There is a lot of inexperience on the team as far as varsity wrestling experience. Seven of the non-freshmen haven't wrestled at that level.

"It takes a couple of years to catch on," Clipp said. "You can learn the moves, but you have to know instinctively when you are supposed to do them, how you counter what they do."

Clipp said not much attention has been directed to placing wrestlers in specific weight classes yet. One thing the younger wrestlers know, there won't be anyone to challenge the talent levels of the top three returnees.

"There is a lot of promise in those three, then there is a lot of promise in some of the freshmen, too," Clipp said. "We don't know how it will all work out, to find each one a weight class. It isn't like basketball; you can't play four forwards. You get one per weight class."

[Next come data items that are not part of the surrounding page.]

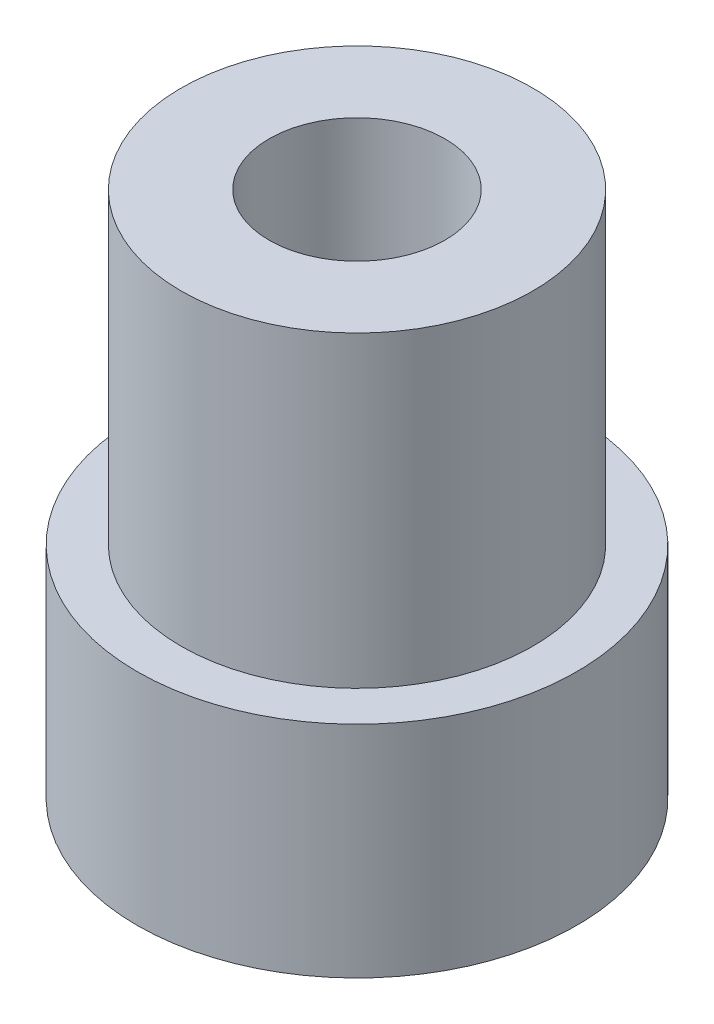
from build123d import *

# Parameters (mm, degrees)
SKETCH2_R           = 4
BOSS_EXTRUDE1_DEPTH = 7
SKETCH3_R           = 5
BOSS_EXTRUDE2_DEPTH = 5
SKETCH4_R           = 1.65
CUT_EXTRUDE1_DEPTH  = 12
SKETCH5_R           = 2
CUT_EXTRUDE2_DEPTH  = 5


with BuildPart() as part:
    # Sketch2 → Boss-Extrude1 (new body)
    with BuildSketch(Plane(origin=(0, 0, 0), x_dir=(1, 0, 0), z_dir=(0, 1, 0))):
        Circle(SKETCH2_R)
    extrude(amount=BOSS_EXTRUDE1_DEPTH)

    # Sketch3 → Boss-Extrude2 (add)
    with BuildSketch(Plane.XZ):
        Circle(SKETCH3_R)
    extrude(amount=BOSS_EXTRUDE2_DEPTH)

    # Sketch4 → Cut-Extrude1 (cut)
    with BuildSketch(Plane(origin=(0, 7, 0), x_dir=(1, 0, 0), z_dir=(0, 1, 0))):
        Circle(SKETCH4_R)
    extrude(amount=-CUT_EXTRUDE1_DEPTH, mode=Mode.SUBTRACT)

    # Sketch5 → Cut-Extrude2 (cut)
    with BuildSketch(Plane.XZ.offset(-7)):
        Circle(SKETCH5_R)
    extrude(amount=CUT_EXTRUDE2_DEPTH, mode=Mode.SUBTRACT)


solid = part.part
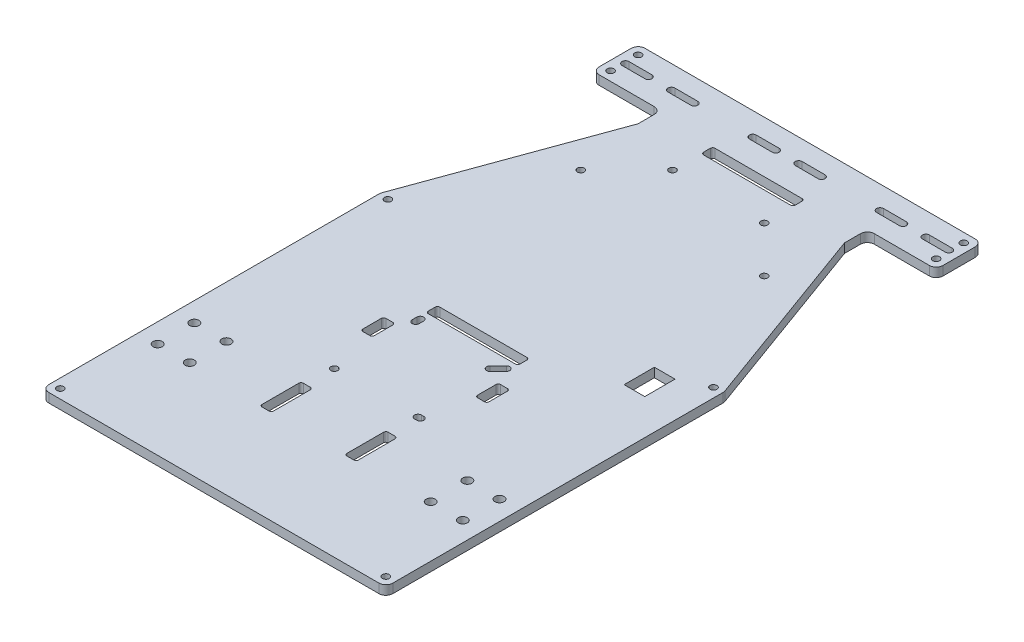
from build123d import *

# Parameters (mm, degrees)
SKETCH1_R           = 1.5
SKETCH1_R_2         = 2
SKETCH1_W           = 9
SKETCH1_H           = 13.2
BOSS_EXTRUDE1_DEPTH = 4
SKETCH2_R           = 1.5
CUT_EXTRUDE1_DEPTH  = 4


with BuildPart() as part:
    # Sketch1 → Boss-Extrude1 (new body)
    with BuildSketch(Plane(origin=(0, 0, 0), x_dir=(1, 0, 0), z_dir=(0, 1, 0))):
        with BuildLine():
            Line((-72, 110), (-48, 110))
            ThreePointArc((-48, 110), (-45.878679656, 109.121320344), (-45, 107))
            Line((-45, 107), (-45, 100))
            Line((-45, 100), (-74.819077862, 18.072756904))
            ThreePointArc((-74.819077862, 18.072756904), (-74.954423259, 17.567641007), (-75, 17.046696474))
            Line((-75, 17.046696474), (-75, -127))
            ThreePointArc((-75, -127), (-74.121320344, -129.121320344), (-72, -130))
            Line((-72, -130), (72, -130))
            ThreePointArc((72, -130), (74.121320344, -129.121320344), (75, -127))
            Line((75, -127), (75, 17.046696474))
            ThreePointArc((75, 17.046696474), (74.954423259, 17.567641007), (74.819077862, 18.072756904))
            Line((74.819077862, 18.072756904), (45, 100))
            Line((45, 100), (45, 107))
            ThreePointArc((45, 107), (45.878679656, 109.121320344), (48, 110))
            Line((48, 110), (72, 110))
            ThreePointArc((72, 110), (74.121320344, 110.878679656), (75, 113))
            Line((75, 113), (75, 127))
            ThreePointArc((75, 127), (74.121320344, 129.121320344), (72, 130))
            Line((72, 130), (-72, 130))
            ThreePointArc((-72, 130), (-74.121320344, 129.121320344), (-75, 127))
            Line((-75, 127), (-75, 113))
            ThreePointArc((-75, 113), (-74.121320344, 110.878679656), (-72, 110))
        make_face()
        with Locations((20, 90)):
            Circle(SKETCH1_R, mode=Mode.SUBTRACT)
        with Locations((-20, 90)):
            Circle(SKETCH1_R, mode=Mode.SUBTRACT)
        with Locations((-66.538461538, -72)):
            Circle(SKETCH1_R_2, mode=Mode.SUBTRACT)
        with Locations((-66.538461538, -88)):
            Circle(SKETCH1_R_2, mode=Mode.SUBTRACT)
        with Locations((-52.538461538, -72)):
            Circle(SKETCH1_R_2, mode=Mode.SUBTRACT)
        with Locations((-52.538461538, -88)):
            Circle(SKETCH1_R_2, mode=Mode.SUBTRACT)
        with Locations((52.538461538, -88)):
            Circle(SKETCH1_R_2, mode=Mode.SUBTRACT)
        with Locations((66.538461538, -88)):
            Circle(SKETCH1_R_2, mode=Mode.SUBTRACT)
        with Locations((66.538461538, -72)):
            Circle(SKETCH1_R_2, mode=Mode.SUBTRACT)
        with Locations((52.538461538, -72)):
            Circle(SKETCH1_R_2, mode=Mode.SUBTRACT)
        with Locations((-18.75, -58.75)):
            Circle(SKETCH1_R, mode=Mode.SUBTRACT)
        with BuildLine():
            Line((-70.5, 121.5), (-60.5, 121.5))
            ThreePointArc((-60.5, 121.5), (-59, 120), (-60.5, 118.5))
            Line((-60.5, 118.5), (-70.5, 118.5))
            ThreePointArc((-70.5, 118.5), (-72, 120), (-70.5, 121.5))
        make_face(mode=Mode.SUBTRACT)
        with BuildLine():
            Line((-19, -12.5), (19, -12.5))
            ThreePointArc((19, -12.5), (19.707106781, -12.792893219), (20, -13.5))
            Line((20, -13.5), (20, -16.5))
            ThreePointArc((20, -16.5), (19.707106781, -17.207106781), (19, -17.5))
            Line((19, -17.5), (-19, -17.5))
            ThreePointArc((-19, -17.5), (-19.707106781, -17.207106781), (-20, -16.5))
            Line((-20, -16.5), (-20, -13.5))
            ThreePointArc((-20, -13.5), (-19.707106781, -12.792893219), (-19, -12.5))
        make_face(mode=Mode.SUBTRACT)
        with BuildLine():
            Line((-15, 121.5), (-5, 121.5))
            ThreePointArc((-5, 121.5), (-3.5, 120), (-5, 118.5))
            Line((-5, 118.5), (-15, 118.5))
            ThreePointArc((-15, 118.5), (-16.5, 120), (-15, 121.5))
        make_face(mode=Mode.SUBTRACT)
        with Locations((55, 5)):
            Rectangle(SKETCH1_W, SKETCH1_H, mode=Mode.SUBTRACT)
        with BuildLine():
            Line((-50.5, 121.5), (-40.5, 121.5))
            ThreePointArc((-40.5, 121.5), (-39, 120), (-40.5, 118.5))
            Line((-40.5, 118.5), (-50.5, 118.5))
            ThreePointArc((-50.5, 118.5), (-52, 120), (-50.5, 121.5))
        make_face(mode=Mode.SUBTRACT)
        with BuildLine():
            Line((5, 118.5), (15, 118.5))
            ThreePointArc((15, 118.5), (16.5, 120), (15, 121.5))
            Line((15, 121.5), (5, 121.5))
            ThreePointArc((5, 121.5), (3.5, 120), (5, 118.5))
        make_face(mode=Mode.SUBTRACT)
        with BuildLine():
            Line((19, 102.5), (-19, 102.5))
            ThreePointArc((-19, 102.5), (-19.707106781, 102.792893219), (-20, 103.5))
            Line((-20, 103.5), (-20, 106.5))
            ThreePointArc((-20, 106.5), (-19.707106781, 107.207106781), (-19, 107.5))
            Line((-19, 107.5), (19, 107.5))
            ThreePointArc((19, 107.5), (19.707106781, 107.207106781), (20, 106.5))
            Line((20, 106.5), (20, 103.5))
            ThreePointArc((20, 103.5), (19.707106781, 102.792893219), (19, 102.5))
        make_face(mode=Mode.SUBTRACT)
        with BuildLine():
            Line((-17.25, -21.25), (-17.25, -23.25))
            ThreePointArc((-17.25, -23.25), (-18.75, -24.75), (-20.25, -23.25))
            Line((-20.25, -23.25), (-20.25, -21.25))
            ThreePointArc((-20.25, -21.25), (-18.75, -19.75), (-17.25, -21.25))
        make_face(mode=Mode.SUBTRACT)
        with BuildLine():
            Line((18.75, -60.25), (17.75, -60.25))
            ThreePointArc((17.75, -60.25), (16.25, -58.75), (17.75, -57.25))
            Line((17.75, -57.25), (18.75, -57.25))
            ThreePointArc((18.75, -57.25), (20.25, -58.75), (18.75, -60.25))
        make_face(mode=Mode.SUBTRACT)
        with BuildLine():
            Line((19.810660172, -22.310660172), (16.275126266, -25.846194078))
            ThreePointArc((16.275126266, -25.846194078), (14.153805922, -25.846194078), (14.153805922, -23.724873734))
            Line((14.153805922, -23.724873734), (17.689339828, -20.189339828))
            ThreePointArc((17.689339828, -20.189339828), (19.810660172, -20.189339828), (19.810660172, -22.310660172))
        make_face(mode=Mode.SUBTRACT)
        with BuildLine():
            Line((50.5, 121.5), (40.5, 121.5))
            ThreePointArc((40.5, 121.5), (39, 120), (40.5, 118.5))
            Line((40.5, 118.5), (50.5, 118.5))
            ThreePointArc((50.5, 118.5), (52, 120), (50.5, 121.5))
        make_face(mode=Mode.SUBTRACT)
        with BuildLine():
            Line((60.5, 118.5), (70.5, 118.5))
            ThreePointArc((70.5, 118.5), (72, 120), (70.5, 121.5))
            Line((70.5, 121.5), (60.5, 121.5))
            ThreePointArc((60.5, 121.5), (59, 120), (60.5, 118.5))
        make_face(mode=Mode.SUBTRACT)
    extrude(amount=BOSS_EXTRUDE1_DEPTH)

    # Sketch2 → Cut-Extrude1 (cut)
    with BuildSketch(Plane(origin=(0, 4, 0), x_dir=(1, 0, 0), z_dir=(0, 1, 0))):
        with Locations((-71, -126)):
            Circle(SKETCH2_R)
        with Locations((-71, 16.870369494)):
            Circle(SKETCH2_R)
        with Locations((-71, 114)):
            Circle(SKETCH2_R)
        with Locations((-71, 126)):
            Circle(SKETCH2_R)
        with Locations((71, 16.870369494)):
            Circle(SKETCH2_R)
        with Locations((71, -126)):
            Circle(SKETCH2_R)
        with Locations((71, 114)):
            Circle(SKETCH2_R)
        with Locations((71, 126)):
            Circle(SKETCH2_R)
        with Locations((-40, 70)):
            Circle(SKETCH2_R)
        with Locations((40, 70)):
            Circle(SKETCH2_R)
        with BuildLine():
            Line((-20, -71), (-17, -71))
            ThreePointArc((-17, -71), (-16.292893219, -71.292893219), (-16, -72))
            Line((-16, -72), (-16, -88))
            ThreePointArc((-16, -88), (-16.292893219, -88.707106781), (-17, -89))
            Line((-17, -89), (-20, -89))
            ThreePointArc((-20, -89), (-20.707106781, -88.707106781), (-21, -88))
            Line((-21, -88), (-21, -72))
            ThreePointArc((-21, -72), (-20.707106781, -71.292893219), (-20, -71))
        make_face()
        with BuildLine():
            Line((-26.5, -28.5), (-23.5, -28.5))
            ThreePointArc((-23.5, -28.5), (-22.792893219, -28.792893219), (-22.5, -29.5))
            Line((-22.5, -29.5), (-22.5, -37.5))
            ThreePointArc((-22.5, -37.5), (-22.792893219, -38.207106781), (-23.5, -38.5))
            Line((-23.5, -38.5), (-26.5, -38.5))
            ThreePointArc((-26.5, -38.5), (-27.207106781, -38.207106781), (-27.5, -37.5))
            Line((-27.5, -37.5), (-27.5, -29.5))
            ThreePointArc((-27.5, -29.5), (-27.207106781, -28.792893219), (-26.5, -28.5))
        make_face()
        with BuildLine():
            Line((26.5, -38.5), (23.5, -38.5))
            ThreePointArc((23.5, -38.5), (22.792893219, -38.207106781), (22.5, -37.5))
            Line((22.5, -37.5), (22.5, -29.5))
            ThreePointArc((22.5, -29.5), (22.792893219, -28.792893219), (23.5, -28.5))
            Line((23.5, -28.5), (26.5, -28.5))
            ThreePointArc((26.5, -28.5), (27.207106781, -28.792893219), (27.5, -29.5))
            Line((27.5, -29.5), (27.5, -37.5))
            ThreePointArc((27.5, -37.5), (27.207106781, -38.207106781), (26.5, -38.5))
        make_face()
        with BuildLine():
            Line((16, -72), (16, -88))
            ThreePointArc((16, -88), (16.292893219, -88.707106781), (17, -89))
            Line((17, -89), (20, -89))
            ThreePointArc((20, -89), (20.707106781, -88.707106781), (21, -88))
            Line((21, -88), (21, -72))
            ThreePointArc((21, -72), (20.707106781, -71.292893219), (20, -71))
            Line((20, -71), (17, -71))
            ThreePointArc((17, -71), (16.292893219, -71.292893219), (16, -72))
        make_face()
    extrude(amount=-CUT_EXTRUDE1_DEPTH, mode=Mode.SUBTRACT)


solid = part.part

Competition on the mat in practice has been encouraging, along with the team camaraderie. Clipp said the wrestlers are an optimistic bunch.

"We have a good crop of freshmen, and we expect positive things from a lot of them," he said. "Junior high wrestling is a lot different from high school wrestling. We don't show them as much or wrestle the caliber we do at the high school level."

Scheduling has changed for the Panthers this season. They'll be at the usual events — Mid-Southern Conference Duals, Floyd Central six-way and hosting the Old Capital Classic — but there are newbies on the slate.

After Christmas, the Panthers will head to Connersville for the Spartan Classic, a two-day event, on Dec. 27 and 28. Thirty teams are expected, including heavyweights from Danville and Indianapolis Cathedral. Schools from as far west as Evansville and as north as Fort Wayne will appear.

Another added event is a six-way at Jasper, which will feature Heritage Hills and Gibson Southern.

"We beefed up the schedule," Clipp said. "It'll be good as far as seeing wrestling competition, but maybe not as far as our minds ... Connersville is one of the more impressive events. It ranks as at least a top five tournament in the state."

The annual Old Capital Classic, set for Jan. 11, has eight teams slated to wrestle: Corydon Central, Columbus North, Evansville Central, Floyd Central, Gibson Southern, Lexington Henry Clay (Ky.), Southport and Zionsville.

Wrapping up the regular season is the Mid-Southern Conference Tournament, which the Panthers are slated to host. Charlestown has won conference eight consecutive seasons.

"Who knows what they will have. We finished third last year, so we have two teams to jump to get there," Clipp said. "We'll deal with us first, then go from there."